A short primer: What enzymes are and how they work
At their core, enzymes lower the activation energy of reactions, steering substrates along highly specific pathways. Specificity matters enormously in food: you want an amylase that trims starch just enough for softness in bread; a lactase that splits lactose without generating off-flavors; a pectinase that clarifies juice without stripping aroma compounds. Most food enzymes are produced by fermentation using safe microbial hosts, then purified to meet strict specifications on identity, activity, and purity. Internationally, risk assessors such as the Joint FAO/WHO Expert Committee on Food Additives (JECFA) have long set the template for how enzyme preparations are specified and evaluated, and regulators require that enzymes be safe, technologically justified, and not misleading to consumers.
From craft to science: A brief history of enzymes in food
Ancient beginnings (long before the name “enzyme”)
Long before anyone knew what an enzyme was, people were harnessing enzyme activities: sprouted grains (rich in diastatic enzymes) to start bread; rennet from calf stomach to coagulate milk; molds and yeasts to ferment soy sauces, wines, and beers. These were empirical arts that relied on living cultures and crude extracts.
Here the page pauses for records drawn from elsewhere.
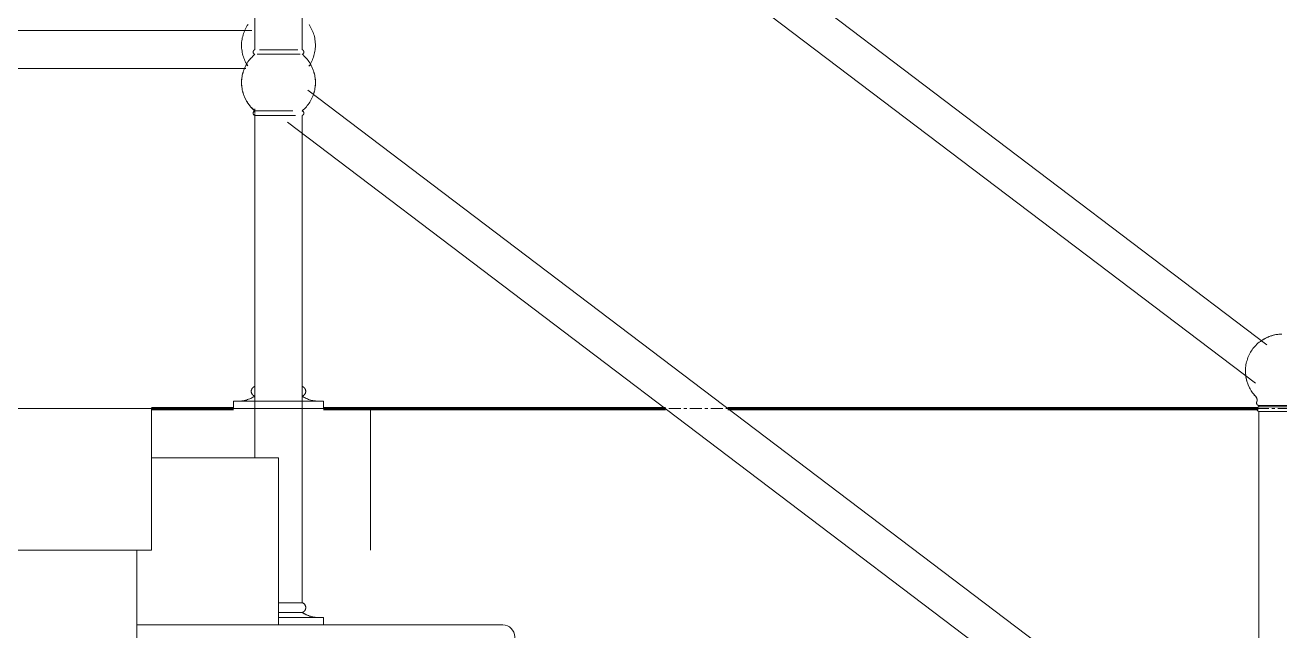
# Model space of a CAD drawing. Header units: inches. Extents: x 22 to 382261, y 22 to 371281.
# Drawn here: x 163327 to 164655, y 143505 to 144147 of the extents above; entities that cross this region are included whole.
import ezdxf

# ---------------------------------------------------------------- set-up
doc = ezdxf.new("R2010")
doc.units = ezdxf.units.IN
doc.header["$MEASUREMENT"] = 0
doc.linetypes.add('Grid Line 1_2_', pattern=[22.225, 12.7, -3.175, 3.175, -3.175])
for name, color, linetype, lineweight in [('A-FLOR', 192, 'Continuous', 9), ('A-FLOR-HRAL', 11, 'Continuous', 9), ('A-FLOR-LEVL', 51, 'Continuous', 9), ('I-WALL', 2, 'Continuous', 9), ('S-STRS', 31, 'Continuous', 9)]:
    doc.layers.add(name, color=color, linetype=linetype, lineweight=lineweight)

# ---------------------------------------------------------------- blocks, each defined once
blk = doc.blocks.new('Railing - 950mm High Post-464051-Approach Elevation')
at = {"layer": 'A-FLOR-HRAL'}
for p, q in [((-5608.2, 3453.3), (-5608.2, 3451.8)), ((-5608.2, 3453.3), (-5603.5, 3453.3)), ((-5608.2, 3453.3), (-5603.5, 3453.3)), ((-5608.2, 3451.8), (-5607, 3451.8)), ((-5608.2, 3451.8), (-5607, 3451.8))]:
    blk.add_line(p, q, dxfattribs=at)
at = {"layer": 'A-FLOR-HRAL', "flags": 128}
for points in [[(-5604.4, 3522.5), (-5603.1, 3523.3), (-5601.7, 3524.1), (-5600.3, 3524.8), (-5598.9, 3525.5), (-5597.5, 3526.1), (-5596, 3526.6), (-5594.5, 3527.1), (-5593, 3527.5), (-5591.5, 3527.9), (-5590, 3528.2), (-5588.4, 3528.4)], [(-5586.9, 3528.6), (-5585.3, 3528.7), (-5583.8, 3528.7)], [(-5611.4, 3462.7), (-5612.5, 3463.9), (-5613.5, 3465.1), (-5614.5, 3466.3), (-5615.4, 3467.6), (-5616.2, 3468.9), (-5617, 3470.2), (-5617.8, 3471.6), (-5618.5, 3473), (-5619.1, 3474.4), (-5619.7, 3475.9), (-5620.2, 3477.3), (-5620.7, 3478.8), (-5621.1, 3480.3), (-5621.5, 3481.9), (-5621.7, 3483.4), (-5621.9, 3484.6)], [(-5610.4, 3456.9), (-5610.3, 3457.1), (-5610.2, 3457.3), (-5610.1, 3457.5), (-5610.1, 3457.7), (-5610, 3457.9), (-5610, 3458.1), (-5610, 3458.3), (-5609.9, 3458.5), (-5609.9, 3458.8), (-5609.9, 3459), (-5609.9, 3459.2), (-5609.9, 3459.4), (-5610, 3459.6), (-5610, 3459.9), (-5610, 3460.1), (-5610.1, 3460.3), (-5610.1, 3460.5), (-5610.2, 3460.7), (-5610.3, 3460.9), (-5610.4, 3461.1), (-5610.5, 3461.3), (-5610.6, 3461.5), (-5610.7, 3461.7), (-5610.8, 3461.9), (-5610.9, 3462.1), (-5611, 3462.2), (-5611.1, 3462.4), (-5611.3, 3462.6), (-5611.4, 3462.7)], [(-5608.2, 3453.3), (-5608.3, 3453.3), (-5608.4, 3453.3), (-5608.5, 3453.4), (-5608.6, 3453.4), (-5608.7, 3453.4), (-5608.8, 3453.4), (-5608.9, 3453.5), (-5609, 3453.5), (-5609.1, 3453.6), (-5609.2, 3453.6), (-5609.3, 3453.7), (-5609.4, 3453.7), (-5609.5, 3453.8), (-5609.6, 3453.8), (-5609.6, 3453.9), (-5609.7, 3454), (-5609.8, 3454), (-5609.9, 3454.1), (-5609.9, 3454.2), (-5610, 3454.3), (-5610.1, 3454.3), (-5610.1, 3454.4), (-5610.2, 3454.5), (-5610.2, 3454.6), (-5610.3, 3454.7), (-5610.3, 3454.8), (-5610.4, 3454.9), (-5610.4, 3455), (-5610.4, 3455.1), (-5610.5, 3455.2), (-5610.5, 3455.3), (-5610.5, 3455.4), (-5610.5, 3455.5), (-5610.5, 3455.6), (-5610.6, 3455.7), (-5610.6, 3455.8), (-5610.6, 3455.9), (-5610.6, 3456), (-5610.6, 3456.1), (-5610.5, 3456.2), (-5610.5, 3456.3), (-5610.5, 3456.4), (-5610.5, 3456.5), (-5610.5, 3456.6), (-5610.4, 3456.7), (-5610.4, 3456.8), (-5610.4, 3456.9)], [(-5608.2, 3447), (-5608.3, 3447), (-5608.4, 3447.1), (-5608.5, 3447.1), (-5608.6, 3447.2), (-5608.7, 3447.2), (-5608.8, 3447.2), (-5608.9, 3447.3), (-5609, 3447.4), (-5609, 3447.4), (-5609.1, 3447.5), (-5609.2, 3447.5), (-5609.3, 3447.6), (-5609.3, 3447.7), (-5609.4, 3447.7), (-5609.5, 3447.8), (-5609.5, 3447.9), (-5609.6, 3448), (-5609.6, 3448.1), (-5609.7, 3448.1), (-5609.8, 3448.2), (-5609.8, 3448.3), (-5609.8, 3448.4), (-5609.9, 3448.5), (-5609.9, 3448.6), (-5609.9, 3448.7), (-5610, 3448.8), (-5610, 3448.9), (-5610, 3449), (-5610, 3449.1), (-5610, 3449.2), (-5610, 3449.3), (-5610, 3449.4), (-5610, 3449.5), (-5610, 3449.6), (-5610, 3449.7), (-5610, 3449.8), (-5610, 3449.9), (-5610, 3450), (-5610, 3450.1), (-5609.9, 3450.2), (-5609.9, 3450.3), (-5609.9, 3450.4), (-5609.8, 3450.5), (-5609.8, 3450.5), (-5609.7, 3450.6), (-5609.7, 3450.7), (-5609.6, 3450.8), (-5609.6, 3450.9), (-5609.5, 3451), (-5609.4, 3451), (-5609.4, 3451.1), (-5609.3, 3451.2), (-5609.2, 3451.3), (-5609.2, 3451.3), (-5609.1, 3451.4), (-5609, 3451.4), (-5608.9, 3451.5), (-5608.8, 3451.6), (-5608.8, 3451.6), (-5608.7, 3451.7), (-5608.6, 3451.7), (-5608.5, 3451.7), (-5608.4, 3451.8), (-5608.3, 3451.8), (-5608.2, 3451.8)]]:
    blk.add_lwpolyline(points, dxfattribs=at)
blk = doc.blocks.new('Railing - 950mm High Post-464045-Approach Elevation')
at = {"layer": 'A-FLOR-HRAL', "flags": 128}
for points in [[(-6611.7, 3814.2), (-6611, 3812.9), (-6610.3, 3811.5), (-6609.6, 3810), (-6609.1, 3808.6), (-6608.5, 3807.1), (-6608.1, 3805.6), (-6607.7, 3804.1), (-6607.4, 3802.6), (-6607.1, 3801), (-6606.9, 3799.5), (-6606.7, 3797.9), (-6606.6, 3796.4), (-6606.6, 3794.8), (-6606.7, 3793.3), (-6606.8, 3791.7), (-6606.9, 3790.1), (-6607.1, 3788.6), (-6607.4, 3787.1), (-6607.8, 3785.5), (-6608.2, 3784), (-6608.7, 3782.5)], [(-6671.9, 3766), (-6673, 3767.1), (-6674.1, 3768.2), (-6675.2, 3769.4), (-6676.2, 3770.6), (-6677.1, 3771.8), (-6678, 3773.1), (-6678.9, 3774.4), (-6679.7, 3775.7), (-6680.4, 3777.1), (-6681.1, 3778.5), (-6681.7, 3779.9), (-6682.3, 3781.4), (-6682.8, 3782.9), (-6683.3, 3784.4), (-6683.7, 3785.9), (-6684, 3787.4), (-6684.3, 3788.9), (-6684.5, 3790.5), (-6684.7, 3792), (-6684.7, 3793.6), (-6684.8, 3795.2), (-6684.7, 3796.7), (-6684.6, 3798.3), (-6684.5, 3799.8), (-6684.2, 3801.4), (-6684, 3802.9), (-6683.6, 3804.4), (-6683.2, 3805.9), (-6682.7, 3807.4), (-6682.2, 3808.9)], [(-6670.7, 3760.2), (-6670.8, 3760.2), (-6670.9, 3760.3), (-6671, 3760.3), (-6671.1, 3760.3), (-6671.2, 3760.4), (-6671.3, 3760.4), (-6671.4, 3760.5), (-6671.5, 3760.5), (-6671.5, 3760.6), (-6671.6, 3760.7), (-6671.7, 3760.7), (-6671.8, 3760.8), (-6671.8, 3760.9), (-6671.9, 3760.9), (-6672, 3761), (-6672, 3761.1), (-6672.1, 3761.2), (-6672.1, 3761.3), (-6672.2, 3761.3), (-6672.3, 3761.4), (-6672.3, 3761.5), (-6672.3, 3761.6), (-6672.4, 3761.7), (-6672.4, 3761.8), (-6672.4, 3761.9), (-6672.5, 3762), (-6672.5, 3762.1), (-6672.5, 3762.2), (-6672.5, 3762.3), (-6672.5, 3762.4), (-6672.5, 3762.5), (-6672.5, 3762.6), (-6672.5, 3762.7), (-6672.5, 3762.8), (-6672.5, 3762.9), (-6672.5, 3763), (-6672.5, 3763.1), (-6672.5, 3763.2), (-6672.5, 3763.3), (-6672.4, 3763.4), (-6672.4, 3763.5), (-6672.4, 3763.6), (-6672.3, 3763.6), (-6672.3, 3763.7), (-6672.2, 3763.8), (-6672.2, 3763.9), (-6672.1, 3764), (-6672.1, 3764.1), (-6672, 3764.2), (-6671.9, 3764.2), (-6671.9, 3764.3), (-6671.8, 3764.4), (-6671.7, 3764.4), (-6671.7, 3764.5), (-6671.6, 3764.6), (-6671.5, 3764.6), (-6671.4, 3764.7), (-6671.3, 3764.7), (-6671.3, 3764.8), (-6671.2, 3764.8), (-6671.1, 3764.9), (-6671, 3764.9), (-6670.9, 3765)], [(-6620.6, 3244.5), (-6620.4, 3244.4), (-6620.2, 3244.3), (-6620, 3244.2), (-6619.8, 3244.1), (-6619.7, 3244), (-6619.5, 3243.9), (-6619.3, 3243.8), (-6619.1, 3243.7), (-6618.9, 3243.5), (-6618.8, 3243.4), (-6618.6, 3243.3), (-6618.4, 3243.1), (-6618.3, 3243), (-6618.2, 3242.8), (-6618, 3242.6), (-6617.9, 3242.5), (-6617.8, 3242.3), (-6617.7, 3242.1), (-6617.5, 3241.9), (-6617.4, 3241.7), (-6617.4, 3241.5), (-6617.3, 3241.3), (-6617.2, 3241.1), (-6617.1, 3240.9), (-6617.1, 3240.7), (-6617, 3240.5), (-6617, 3240.3), (-6616.9, 3240.1), (-6616.9, 3239.8), (-6616.9, 3239.6), (-6616.9, 3239.4), (-6616.9, 3239.2), (-6616.9, 3239), (-6616.9, 3238.8), (-6616.9, 3238.5), (-6617, 3238.3), (-6617, 3238.1), (-6617.1, 3237.9), (-6617.1, 3237.7), (-6617.2, 3237.5), (-6617.3, 3237.3), (-6617.3, 3237.1), (-6617.4, 3236.9), (-6617.5, 3236.7), (-6617.6, 3236.5), (-6617.8, 3236.3), (-6617.9, 3236.1), (-6618, 3236), (-6618.1, 3235.8), (-6618.3, 3235.6), (-6618.4, 3235.5), (-6618.6, 3235.3), (-6618.8, 3235.2), (-6618.9, 3235), (-6619.1, 3234.9), (-6619.3, 3234.8), (-6619.5, 3234.7), (-6619.6, 3234.6), (-6619.8, 3234.5)], [(-6620.6, 3234.2), (-6619.5, 3233.5), (-6618.4, 3232.9), (-6617.3, 3232.3), (-6616.2, 3231.7), (-6615.1, 3231.2), (-6613.9, 3230.8), (-6612.8, 3230.4), (-6611.6, 3230), (-6610.4, 3229.7), (-6609.2, 3229.4), (-6607.9, 3229.2), (-6606.7, 3229), (-6605.5, 3228.9), (-6604.2, 3228.9)]]:
    blk.add_lwpolyline(points, dxfattribs=at)
blk = doc.blocks.new('Railing - Railing-377356-Approach Elevation')
for name in ['Railing - 950mm High Post-464045-Approach Elevation', 'Railing - 950mm High Post-464051-Approach Elevation']:
    blk.add_blockref(name, (0, 0))
blk = doc.blocks.new('Railing - 950mm High Post-V1-Approach Elevation')
at = {"layer": 'A-FLOR-HRAL'}
for p, q in [((-5608.2, 3451.8), (-5608.2, 3453.3)), ((-5565.4, 3453.3), (-5608.2, 3453.3)), ((-5603.5, 3453.3), (-5608.2, 3453.3)), ((-5564.9, 3451.8), (-5608.2, 3451.8)), ((-5607, 3451.8), (-5608.2, 3451.8)), ((-5608.2, 3024.5), (-5608.2, 3447)), ((-5562.9, 3447), (-5608.2, 3447))]:
    blk.add_line(p, q, dxfattribs=at)
at = {"layer": 'A-FLOR-HRAL', "flags": 128}
for points in [[(-5584.8, 3528.7), (-5586.4, 3528.6), (-5587.9, 3528.5), (-5589.5, 3528.3), (-5591, 3528), (-5592.5, 3527.6), (-5594, 3527.2), (-5595.5, 3526.8), (-5597, 3526.2), (-5598.4, 3525.7), (-5599.9, 3525), (-5601.3, 3524.3), (-5602.6, 3523.6), (-5604, 3522.8), (-5605.3, 3521.9), (-5606.5, 3521), (-5607.8, 3520.1), (-5609, 3519.1), (-5610.1, 3518), (-5611.2, 3516.9), (-5612.3, 3515.8), (-5613.3, 3514.6), (-5614.3, 3513.4), (-5615.2, 3512.1), (-5616.1, 3510.8), (-5616.9, 3509.5), (-5617.7, 3508.1), (-5618.4, 3506.7), (-5619, 3505.3), (-5619.6, 3503.9), (-5620.1, 3502.4), (-5620.6, 3500.9), (-5621, 3499.4), (-5621.4, 3497.9), (-5621.7, 3496.4), (-5621.9, 3494.8), (-5622.1, 3493.3), (-5622.2, 3491.7), (-5622.3, 3490.1), (-5622.2, 3488.6), (-5622.2, 3487), (-5622, 3485.5), (-5621.8, 3483.9), (-5621.6, 3482.4), (-5621.2, 3480.9), (-5620.9, 3479.3), (-5620.4, 3477.8), (-5619.9, 3476.4), (-5619.3, 3474.9), (-5618.7, 3473.5), (-5618, 3472.1), (-5617.3, 3470.7), (-5616.5, 3469.3), (-5615.7, 3468), (-5614.8, 3466.8), (-5613.8, 3465.5), (-5612.9, 3464.3), (-5611.8, 3463.1), (-5611.4, 3462.7)], [(-5611.4, 3462.7), (-5611.3, 3462.6), (-5611.2, 3462.4), (-5611, 3462.2), (-5610.9, 3462.1), (-5610.8, 3461.9), (-5610.7, 3461.7), (-5610.6, 3461.5), (-5610.5, 3461.3), (-5610.4, 3461.1), (-5610.3, 3460.9), (-5610.2, 3460.7), (-5610.1, 3460.5), (-5610.1, 3460.3), (-5610, 3460.1), (-5610, 3459.9), (-5610, 3459.6), (-5609.9, 3459.4), (-5609.9, 3459.2), (-5609.9, 3459), (-5609.9, 3458.8), (-5609.9, 3458.6), (-5610, 3458.3), (-5610, 3458.1), (-5610, 3457.9), (-5610.1, 3457.7), (-5610.1, 3457.5), (-5610.2, 3457.3), (-5610.3, 3457.1), (-5610.4, 3456.9), (-5610.4, 3456.9)], [(-5610.4, 3456.9), (-5610.4, 3456.8), (-5610.4, 3456.7), (-5610.5, 3456.6), (-5610.5, 3456.5), (-5610.5, 3456.4), (-5610.5, 3456.3), (-5610.5, 3456.2), (-5610.6, 3456.1), (-5610.6, 3456), (-5610.6, 3455.9), (-5610.6, 3455.8), (-5610.6, 3455.7), (-5610.5, 3455.5), (-5610.5, 3455.4), (-5610.5, 3455.3), (-5610.5, 3455.2), (-5610.5, 3455.1), (-5610.4, 3455.1), (-5610.4, 3455), (-5610.4, 3454.9), (-5610.3, 3454.8), (-5610.3, 3454.7), (-5610.2, 3454.6), (-5610.2, 3454.5), (-5610.1, 3454.4), (-5610, 3454.3), (-5610, 3454.2), (-5609.9, 3454.2), (-5609.9, 3454.1), (-5609.8, 3454), (-5609.7, 3453.9), (-5609.6, 3453.9), (-5609.5, 3453.8), (-5609.5, 3453.8), (-5609.4, 3453.7), (-5609.3, 3453.6), (-5609.2, 3453.6), (-5609.1, 3453.5), (-5609, 3453.5), (-5608.9, 3453.5), (-5608.8, 3453.4), (-5608.7, 3453.4), (-5608.6, 3453.4), (-5608.5, 3453.4), (-5608.4, 3453.3), (-5608.3, 3453.3), (-5608.2, 3453.3)], [(-5608.2, 3451.8), (-5608.3, 3451.8), (-5608.4, 3451.8), (-5608.5, 3451.7), (-5608.6, 3451.7), (-5608.7, 3451.6), (-5608.8, 3451.6), (-5608.9, 3451.5), (-5609, 3451.5), (-5609, 3451.4), (-5609.1, 3451.4), (-5609.2, 3451.3), (-5609.3, 3451.2), (-5609.3, 3451.2), (-5609.4, 3451.1), (-5609.5, 3451), (-5609.5, 3450.9), (-5609.6, 3450.9), (-5609.6, 3450.8), (-5609.7, 3450.7), (-5609.8, 3450.6), (-5609.8, 3450.5), (-5609.8, 3450.4), (-5609.9, 3450.3), (-5609.9, 3450.2), (-5609.9, 3450.1), (-5610, 3450), (-5610, 3449.9), (-5610, 3449.8), (-5610, 3449.8), (-5610, 3449.7), (-5610, 3449.6), (-5610, 3449.5), (-5610, 3449.4), (-5610, 3449.3), (-5610, 3449.2), (-5610, 3449.1), (-5610, 3449), (-5610, 3448.9), (-5610, 3448.8), (-5609.9, 3448.7), (-5609.9, 3448.6), (-5609.9, 3448.5), (-5609.8, 3448.4), (-5609.8, 3448.3), (-5609.7, 3448.2), (-5609.7, 3448.1), (-5609.6, 3448), (-5609.6, 3448), (-5609.5, 3447.9), (-5609.4, 3447.8), (-5609.4, 3447.7), (-5609.3, 3447.6), (-5609.2, 3447.6), (-5609.2, 3447.5), (-5609.1, 3447.4), (-5609, 3447.4), (-5608.9, 3447.3), (-5608.8, 3447.3), (-5608.8, 3447.2), (-5608.7, 3447.2), (-5608.6, 3447.1), (-5608.5, 3447.1), (-5608.4, 3447.1), (-5608.3, 3447), (-5608.2, 3447)]]:
    blk.add_lwpolyline(points, dxfattribs=at)
blk = doc.blocks.new('Railing - 950mm High Post-V4-Approach Elevation')
at = {"layer": 'A-FLOR-HRAL'}
for p, q in [((-6670.7, 3829.8), (-6670.7, 4252.3)), ((-6620.6, 4252.3), (-6620.6, 3829.8)), ((-6625.4, 3829.8), (-6666, 3829.8)), ((-6622.9, 3825), (-6668.4, 3825)), ((-6630.6, 3765), (-6670.7, 3765)), ((-6670.7, 3397.8), (-6670.7, 3760.2)), ((-6627.7, 3760.2), (-6670.7, 3760.2)), ((-6620.6, 3760.2), (-6620.6, 3244.5)), ((-6620.6, 3244.5), (-6645.7, 3244.5)), ((-6620.6, 3234.2), (-6645.7, 3234.2)), ((-6598.2, 3228.8), (-6645.7, 3228.8)), ((-6598.2, 3228.8), (-6598.2, 3221.1))]:
    blk.add_line(p, q, dxfattribs=at)
at = {"layer": 'A-FLOR-HRAL', "flags": 128}
for points in [[(-6670.7, 3829.8), (-6670.8, 3829.7), (-6670.9, 3829.7), (-6671, 3829.7), (-6671.1, 3829.6), (-6671.2, 3829.6), (-6671.3, 3829.5), (-6671.4, 3829.5), (-6671.5, 3829.4), (-6671.5, 3829.4), (-6671.6, 3829.3), (-6671.7, 3829.2), (-6671.8, 3829.2), (-6671.8, 3829.1), (-6671.9, 3829), (-6672, 3829), (-6672, 3828.9), (-6672.1, 3828.8), (-6672.1, 3828.7), (-6672.2, 3828.6), (-6672.3, 3828.5), (-6672.3, 3828.5), (-6672.3, 3828.4), (-6672.4, 3828.3), (-6672.4, 3828.2), (-6672.4, 3828.1), (-6672.5, 3828), (-6672.5, 3827.9), (-6672.5, 3827.8), (-6672.5, 3827.7), (-6672.5, 3827.6), (-6672.5, 3827.5), (-6672.5, 3827.4), (-6672.5, 3827.3), (-6672.5, 3827.2), (-6672.5, 3827.1), (-6672.5, 3827), (-6672.5, 3826.9), (-6672.5, 3826.8), (-6672.5, 3826.7), (-6672.4, 3826.6), (-6672.4, 3826.5), (-6672.4, 3826.4), (-6672.3, 3826.3), (-6672.3, 3826.2), (-6672.2, 3826.1), (-6672.2, 3826.1), (-6672.1, 3826), (-6672.1, 3825.9), (-6672, 3825.8), (-6671.9, 3825.7), (-6671.9, 3825.7), (-6671.8, 3825.6), (-6671.7, 3825.5), (-6671.7, 3825.5), (-6671.6, 3825.4), (-6671.5, 3825.3), (-6671.4, 3825.3), (-6671.3, 3825.2), (-6671.3, 3825.2), (-6671.2, 3825.1), (-6671.1, 3825.1), (-6671, 3825), (-6670.9, 3825), (-6670.8, 3825), (-6670.7, 3825)], [(-6620.6, 3825), (-6620.6, 3825), (-6620.5, 3825), (-6620.4, 3825.1), (-6620.3, 3825.1), (-6620.2, 3825.1), (-6620.1, 3825.2), (-6620, 3825.2), (-6619.9, 3825.3), (-6619.8, 3825.4), (-6619.8, 3825.4), (-6619.7, 3825.5), (-6619.6, 3825.5), (-6619.5, 3825.6), (-6619.5, 3825.7), (-6619.4, 3825.8), (-6619.3, 3825.8), (-6619.3, 3825.9), (-6619.2, 3826), (-6619.2, 3826.1), (-6619.1, 3826.2), (-6619.1, 3826.3), (-6619, 3826.4), (-6619, 3826.4), (-6619, 3826.5), (-6618.9, 3826.6), (-6618.9, 3826.7), (-6618.9, 3826.8), (-6618.9, 3826.9), (-6618.9, 3827), (-6618.8, 3827.1), (-6618.8, 3827.2), (-6618.8, 3827.3), (-6618.8, 3827.4), (-6618.8, 3827.5), (-6618.8, 3827.6), (-6618.9, 3827.7), (-6618.9, 3827.8), (-6618.9, 3827.9), (-6618.9, 3828), (-6619, 3828.1), (-6619, 3828.2), (-6619, 3828.3), (-6619.1, 3828.4), (-6619.1, 3828.5), (-6619.1, 3828.6), (-6619.2, 3828.7), (-6619.3, 3828.7), (-6619.3, 3828.8), (-6619.4, 3828.9), (-6619.4, 3829), (-6619.5, 3829.1), (-6619.6, 3829.1), (-6619.6, 3829.2), (-6619.7, 3829.3), (-6619.8, 3829.3), (-6619.9, 3829.4), (-6620, 3829.4), (-6620, 3829.5), (-6620.1, 3829.5), (-6620.2, 3829.6), (-6620.3, 3829.6), (-6620.4, 3829.7), (-6620.5, 3829.7), (-6620.6, 3829.7), (-6620.6, 3829.8)], [(-6670.7, 3825), (-6671.9, 3823.9), (-6673, 3822.9), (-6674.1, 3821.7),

The scientific turn (1833–1926)
- 1833: Anselme Payen and Jean-François Persoz isolate “diastase” from malted barley—the first enzyme ever described—capable of converting starch to sugars.
- 1897: Eduard Buchner shows that cell-free yeast extracts ferment sugar to alcohol, proving that enzymes can act outside living cells and kickstarting modern biochemistry (Nobel Prize, 1907).
- 1926: James B. Sumner crystallizes urease, demonstrating that enzymes are proteins—a landmark that turns enzyme chemistry into a structural science (Nobel Prize, 1946).
Industrialization and the recombinant era (mid-1900s onward)
By the mid-20th century, enzyme production scaled via microbial fermentation (fungi, bacteria), enabling consistent supplies for brewing, baking, and starch processing. A milestone came in 1990, when the U.S. FDA affirmed recombinant chymosin (fermentation-produced calf rennet) as safe—the first widely used bioengineered enzyme in food. Within a few years, recombinant chymosin dominated cheesemaking because it matched animal rennet’s performance but offered supply reliability and purity.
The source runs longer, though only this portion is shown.